● Exercise:
The copy you give must match the records exactly, except that it holds no images.

Data entries
————————
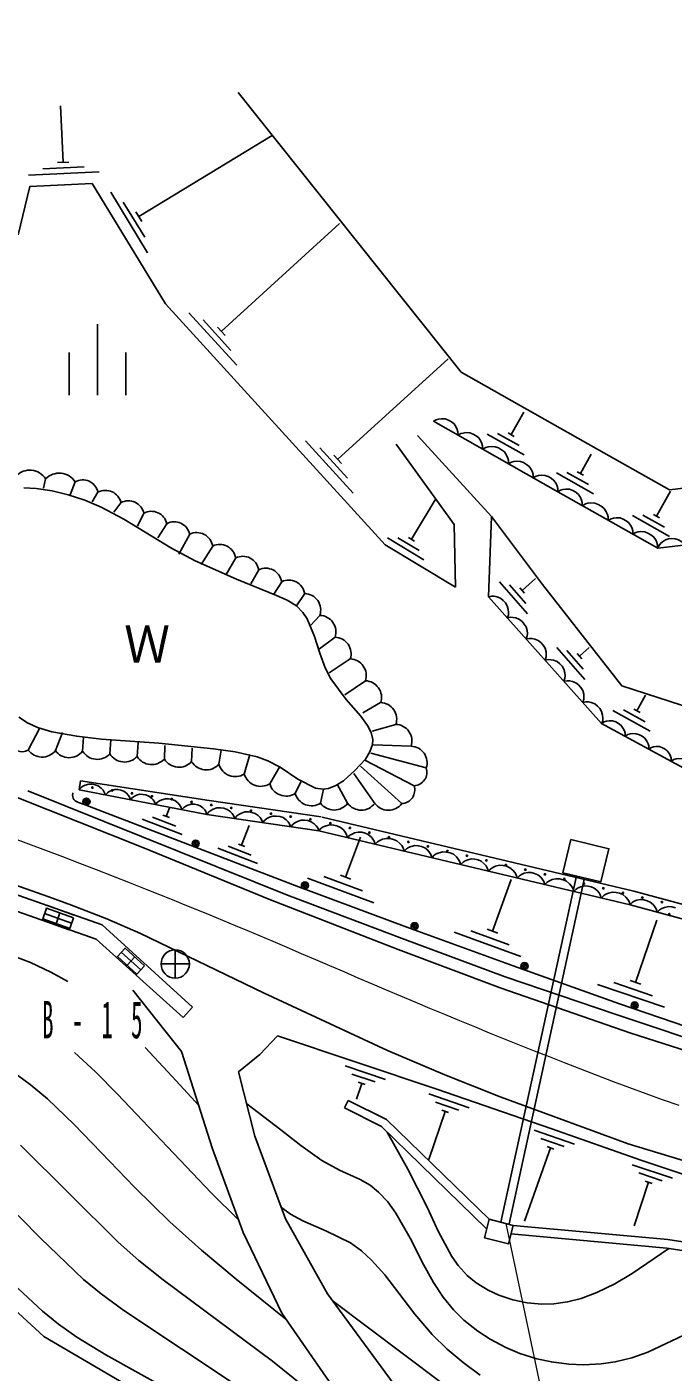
# Model space of a CAD drawing. Units: millimetres, scale not verified. Extents: x 40000 to 680000, y 20000 to 380000.
# Drawn here: x 212019 to 234819, y 243924 to 291405 of the extents above; entities that cross this region are included whole.
import ezdxf
from ezdxf.enums import TextEntityAlignment as Align

# ---------------------------------------------------------------- set-up
doc = ezdxf.new("R2010")
doc.units = ezdxf.units.MM
doc.header["$LTSCALE"] = 1000
doc.linetypes.add('CHAIN', pattern=[18.5, 12, -1.5, 3.5, -1.5])
for name, color, linetype, lineweight in [('M-BGD', 7, 'Continuous', 25), ('M-BMK', 2, 'CHAIN', 13), ('M-BMK-SRVR', 3, 'Continuous', 25), ('M-STR-HTXT', 7, 'Continuous', 13)]:
    doc.layers.add(name, color=color, linetype=linetype, lineweight=lineweight)
doc.styles.add('ＭＳ ゴシック', font='')
doc.styles.get('ＭＳ ゴシック').set_extended_font_data('MS Gothic')

msp = doc.modelspace()

# ---------------------------------------------------------------- linework, layer by layer
at = {"layer": 'M-BGD'}
for p, q in [((227346, 279223), (219474, 289090)), ((213300, 286627), (213203, 288616)), ((215968, 284709), (220669, 287575)), ((214034, 286462), (212585, 286392)), ((213499, 286636), (213100, 286617)), ((214568, 286288), (212071, 286167)), ((216277, 283434), (214976, 285569)), ((216175, 283986), (215420, 285224)), ((216072, 284539), (215864, 284880)), ((218875, 280658), (223047, 284460)), ((219421, 279465), (217738, 281313)), ((214510, 280907), (214510, 278407)), ((219216, 279988), (218239, 281060)), ((219010, 280511), (218740, 280806)), ((213510, 279907), (213510, 278407)), ((215510, 278407), (215510, 279907)), ((222988, 276145), (226878, 279690)), ((229103, 277014), (229548, 277808)), ((229562, 276299), (228253, 277032)), ((229387, 276626), (228624, 277054)), ((229212, 276953), (228994, 277075)), ((223534, 274952), (221850, 276800)), ((223328, 275475), (222351, 276547)), ((223122, 275998), (222853, 276293)), ((231549, 275642), (231933, 276327)), ((212787, 260702), (170367, 275688)), ((212679, 275454), (212599, 275127)), ((232008, 274927), (230700, 275660)), ((231833, 275254), (231070, 275682)), ((231659, 275581), (231440, 275704)), ((213719, 275348), (213540, 274886)), ((214527, 274978), (214317, 274644)), ((234235, 274137), (234728, 275017)), ((215336, 274609), (215083, 274281)), ((225589, 273321), (226428, 274711)), ((216145, 274239), (215917, 273778)), ((234694, 273421), (233385, 274155)), ((234519, 273748), (233756, 274176)), ((234344, 274076), (234126, 274198)), ((216954, 273870), (216643, 273375)), ((217762, 273501), (217380, 272792)), ((218574, 273081), (218167, 272435)), ((224661, 273122), (227139, 271627)), ((226024, 272591), (224740, 273366)), ((225860, 272923), (225111, 273375)), ((225696, 273256), (225482, 273385)), ((219386, 272662), (219047, 272082)), ((220197, 272242), (219921, 271751)), ((221009, 271823), (220736, 271379)), ((229682, 270687), (228694, 271816)), ((229626, 271053), (229050, 271712)), ((229571, 271420), (229407, 271609)), ((229489, 271514), (229969, 271934)), ((221821, 271404), (221530, 270966)), ((222357, 270634), (222025, 270276)), ((222893, 269865), (222338, 269451)), ((231706, 268371), (230719, 269500)), ((231651, 268738), (231075, 269397)), ((231596, 269105), (231431, 269293)), ((231513, 269199), (231863, 269505)), ((223429, 269095), (222680, 268610)), ((223965, 268325), (223237, 267833)), ((233544, 267263), (233845, 267814)), ((224501, 267556), (223872, 267196)), ((233654, 267203), (233434, 267323)), ((234011, 266552), (232694, 267271)), ((233832, 266878), (233064, 267297)), ((212063, 265880), (212476, 266668)), ((213023, 265860), (213274, 266495)), ((225037, 266786), (224206, 266542)), ((213982, 265841), (214011, 266340)), ((214944, 265748), (214980, 266236)), ((215907, 265655), (215947, 266144)), ((216869, 265563), (216885, 266044)), ((217831, 265470), (217851, 265952)), ((225573, 266017), (224253, 266061)), ((218793, 265377), (218876, 265878)), ((219690, 265034), (219884, 265718)), ((225678, 264619), (223941, 265523)), ((226109, 265247), (224150, 265772)), ((220587, 264691), (220947, 265301)), ((224291, 263995), (223560, 265058)), ((225247, 263991), (223790, 265314)), ((213868, 264471), (213913, 264792)), ((221484, 264347), (221684, 264762)), ((222381, 264004), (222483, 264496)), ((223336, 264000), (222967, 264672)), ((212048, 264437), (221395, 260686)), ((213843, 264030), (214076, 263941)), ((217052, 263495), (216818, 263584)), ((216935, 263540), (217050, 263840)), ((217492, 262897), (216091, 263435)), ((217272, 263196), (216455, 263510)), ((219596, 262518), (219864, 263215)), ((223265, 261395), (223791, 262809)), ((220153, 261876), (218753, 262413)), ((219933, 262174), (219116, 262488)), ((219713, 262473), (219480, 262563)), ((224263, 260491), (221919, 261361)), ((223858, 260908), (222499, 261413)), ((223453, 261325), (223078, 261465)), ((228444, 259489), (229109, 261312)), ((228745, 249218), (231407, 261437)), ((229038, 249154), (231699, 261367)), ((212741, 260389), (213692, 260057)), ((213511, 259538), (212560, 259870)), ((213594, 259774), (212642, 260106)), ((213052, 259751), (213184, 260129)), ((233492, 257676), (234243, 259881)), ((217862, 256809), (214678, 259708)), ((229447, 258591), (227099, 259448)), ((229040, 259006), (227678, 259503)), ((228632, 259421), (228256, 259558)), ((217529, 256439), (214467, 259199)), ((216036, 258121), (215349, 258741)), ((215559, 258282), (215826, 258579)), ((234514, 256799), (232148, 257605)), ((234098, 257205), (232725, 257672)), ((233681, 257611), (233303, 257740)), ((217529, 256439), (217862, 256809)), ((223248, 254733), (224670, 254256)), ((223480, 254444), (224310, 254166)), ((223832, 254115), (223646, 253561)), ((223713, 254155), (223950, 254076)), ((226200, 253745), (227618, 253257)), ((223222, 253247), (223357, 253515)), ((226778, 253123), (226196, 251433)), ((226430, 253455), (227257, 253169)), ((226660, 253164), (226896, 253082)), ((229922, 252467), (231336, 251966)), ((230149, 252174), (230974, 251882)), ((230495, 251839), (229578, 249247)), ((230377, 251881), (230613, 251798)), ((233371, 251240), (234795, 250768)), ((233605, 250952), (234436, 250676)), ((233957, 250624), (233446, 249081)), ((233839, 250664), (234076, 250585))]:
    msp.add_line(p, q, dxfattribs=at)
for points in [[(214467, 259199), (170123, 274800), (138964, 285749), (137083, 286391), (136157, 286744), (134227, 287379), (133304, 287720), (128749, 289829), (127868, 290309), (126073, 291213), (125198, 291696), (123494, 292779), (122655, 293312), (120967, 294460), (120171, 295062), (118598, 296331), (117840, 296982), (116380, 298374), (115672, 299095), (114343, 300604), (113694, 301354), (112421, 302958)], [(112859, 303290), (114111, 301713), (114759, 300965), (116067, 299477), (116771, 298761), (118201, 297396), (118955, 296749), (120503, 295500), (121297, 294901), (122951, 293776), (123787, 293244), (128130, 290792), (129008, 290314), (130785, 289462), (131687, 289069), (133516, 288281), (134434, 287942), (136353, 287259), (137277, 286905), (139146, 286269), (170305, 275319), (214678, 259708)], [(211711, 284060), (212118, 285768), (214321, 285875), (216911, 281626), (224661, 273122)], [(227346, 279223), (231731, 276738), (234693, 275064), (238510, 275518)], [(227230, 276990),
————————
● Answer to the exercise:
# Model space of a CAD drawing. Units: millimetres, scale not verified. Extents: x 40000 to 680000, y 20000 to 380000.
# Drawn here: x 212019 to 234819, y 243924 to 291405 of the extents above; entities that cross this region are included whole.
import ezdxf
from ezdxf.enums import TextEntityAlignment as Align

# ---------------------------------------------------------------- set-up
doc = ezdxf.new("R2010")
doc.units = ezdxf.units.MM
doc.header["$LTSCALE"] = 1000
doc.linetypes.add('CHAIN', pattern=[18.5, 12, -1.5, 3.5, -1.5])
for name, color, linetype, lineweight in [('M-BGD', 7, 'Continuous', 25), ('M-BMK', 2, 'CHAIN', 13), ('M-BMK-SRVR', 3, 'Continuous', 25), ('M-STR-HTXT', 7, 'Continuous', 13)]:
    doc.layers.add(name, color=color, linetype=linetype, lineweight=lineweight)
doc.styles.add('ＭＳ ゴシック', font='')
doc.styles.get('ＭＳ ゴシック').set_extended_font_data('MS Gothic')

msp = doc.modelspace()

# ---------------------------------------------------------------- linework, layer by layer
at = {"layer": 'M-BGD'}
for p, q in [((227346, 279223), (219474, 289090)), ((213300, 286627), (213203, 288616)), ((215968, 284709), (220669, 287575)), ((214034, 286462), (212585, 286392)), ((213499, 286636), (213100, 286617)), ((214568, 286288), (212071, 286167)), ((216277, 283434), (214976, 285569)), ((216175, 283986), (215420, 285224)), ((216072, 284539), (215864, 284880)), ((218875, 280658), (223047, 284460)), ((219421, 279465), (217738, 281313)), ((214510, 280907), (214510, 278407)), ((219216, 279988), (218239, 281060)), ((219010, 280511), (218740, 280806)), ((213510, 279907), (213510, 278407)), ((215510, 278407), (215510, 279907)), ((222988, 276145), (226878, 279690)), ((229103, 277014), (229548, 277808)), ((229562, 276299), (228253, 277032)), ((229387, 276626), (228624, 277054)), ((229212, 276953), (228994, 277075)), ((223534, 274952), (221850, 276800)), ((223328, 275475), (222351, 276547)), ((223122, 275998), (222853, 276293)), ((231549, 275642), (231933, 276327)), ((212787, 260702), (170367, 275688)), ((212679, 275454), (212599, 275127)), ((232008, 274927), (230700, 275660)), ((231833, 275254), (231070, 275682)), ((231659, 275581), (231440, 275704)), ((213719, 275348), (213540, 274886)), ((214527, 274978), (214317, 274644)), ((234235, 274137), (234728, 275017)), ((215336, 274609), (215083, 274281)), ((225589, 273321), (226428, 274711)), ((216145, 274239), (215917, 273778)), ((234694, 273421), (233385, 274155)), ((234519, 273748), (233756, 274176)), ((234344, 274076), (234126, 274198)), ((216954, 273870), (216643, 273375)), ((217762, 273501), (217380, 272792)), ((218574, 273081), (218167, 272435)), ((224661, 273122), (227139, 271627)), ((226024, 272591), (224740, 273366)), ((225860, 272923), (225111, 273375)), ((225696, 273256), (225482, 273385)), ((219386, 272662), (219047, 272082)), ((220197, 272242), (219921, 271751)), ((221009, 271823), (220736, 271379)), ((229682, 270687), (228694, 271816)), ((229626, 271053), (229050, 271712)), ((229571, 271420), (229407, 271609)), ((229489, 271514), (229969, 271934)), ((221821, 271404), (221530, 270966)), ((222357, 270634), (222025, 270276)), ((222893, 269865), (222338, 269451)), ((231706, 268371), (230719, 269500)), ((231651, 268738), (231075, 269397)), ((231596, 269105), (231431, 269293)), ((231513, 269199), (231863, 269505)), ((223429, 269095), (222680, 268610)), ((223965, 268325), (223237, 267833)), ((233544, 267263), (233845, 267814)), ((224501, 267556), (223872, 267196)), ((233654, 267203), (233434, 267323)), ((234011, 266552), (232694, 267271)), ((233832, 266878), (233064, 267297)), ((212063, 265880), (212476, 266668)), ((213023, 265860), (213274, 266495)), ((225037, 266786), (224206, 266542)), ((213982, 265841), (214011, 266340)), ((214944, 265748), (214980, 266236)), ((215907, 265655), (215947, 266144)), ((216869, 265563), (216885, 266044)), ((217831, 265470), (217851, 265952)), ((225573, 266017), (224253, 266061)), ((218793, 265377), (218876, 265878)), ((219690, 265034), (219884, 265718)), ((225678, 264619), (223941, 265523)), ((226109, 265247), (224150, 265772)), ((220587, 264691), (220947, 265301)), ((224291, 263995), (223560, 265058)), ((225247, 263991), (223790, 265314)), ((213868, 264471), (213913, 264792)), ((221484, 264347), (221684, 264762)), ((222381, 264004), (222483, 264496)), ((223336, 264000), (222967, 264672)), ((212048, 264437), (221395, 260686)), ((213843, 264030), (214076, 263941)), ((217052, 263495), (216818, 263584)), ((216935, 263540), (217050, 263840)), ((217492, 262897), (216091, 263435)), ((217272, 263196), (216455, 263510)), ((219596, 262518), (219864, 263215)), ((223265, 261395), (223791, 262809)), ((220153, 261876), (218753, 262413)), ((219933, 262174), (219116, 262488)), ((219713, 262473), (219480, 262563)), ((224263, 260491), (221919, 261361)), ((223858, 260908), (222499, 261413)), ((223453, 261325), (223078, 261465)), ((228444, 259489), (229109, 261312)), ((228745, 249218), (231407, 261437)), ((229038, 249154), (231699, 261367)), ((212741, 260389), (213692, 260057)), ((213511, 259538), (212560, 259870)), ((213594, 259774), (212642, 260106)), ((213052, 259751), (213184, 260129)), ((233492, 257676), (234243, 259881)), ((217862, 256809), (214678, 259708)), ((229447, 258591), (227099, 259448)), ((229040, 259006), (227678, 259503)), ((228632, 259421), (228256, 259558)), ((217529, 256439), (214467, 259199)), ((216036, 258121), (215349, 258741)), ((215559, 258282), (215826, 258579)), ((234514, 256799), (232148, 257605)), ((234098, 257205), (232725, 257672)), ((233681, 257611), (233303, 257740)), ((217529, 256439), (217862, 256809)), ((223248, 254733), (224670, 254256)), ((223480, 254444), (224310, 254166)), ((223832, 254115), (223646, 253561)), ((223713, 254155), (223950, 254076)), ((226200, 253745), (227618, 253257)), ((223222, 253247), (223357, 253515)), ((226778, 253123), (226196, 251433)), ((226430, 253455), (227257, 253169)), ((226660, 253164), (226896, 253082)), ((229922, 252467), (231336, 251966)), ((230149, 252174), (230974, 251882)), ((230495, 251839), (229578, 249247)), ((230377, 251881), (230613, 251798)), ((233371, 251240), (234795, 250768)), ((233605, 250952), (234436, 250676)), ((233957, 250624), (233446, 249081)), ((233839, 250664), (234076, 250585))]:
    msp.add_line(p, q, dxfattribs=at)
for points in [[(214467, 259199), (170123, 274800), (138964, 285749), (137083, 286391), (136157, 286744), (134227, 287379), (133304, 287720), (128749, 289829), (127868, 290309), (126073, 291213), (125198, 291696), (123494, 292779), (122655, 293312), (120967, 294460), (120171, 295062), (118598, 296331), (117840, 296982), (116380, 298374), (115672, 299095), (114343, 300604), (113694, 301354), (112421, 302958)], [(112859, 303290), (114111, 301713), (114759, 300965), (116067, 299477), (116771, 298761), (118201, 297396), (118955, 296749), (120503, 295500), (121297, 294901), (122951, 293776), (123787, 293244), (128130, 290792), (129008, 290314), (130785, 289462), (131687, 289069), (133516, 288281), (134434, 287942), (136353, 287259), (137277, 286905), (139146, 286269), (170305, 275319), (214678, 259708)], [(211711, 284060), (212118, 285768), (214321, 285875), (216911, 281626), (224661, 273122)], [(227346, 279223), (231731, 276738), (234693, 275064), (238510, 275518)], [(227230, 276990),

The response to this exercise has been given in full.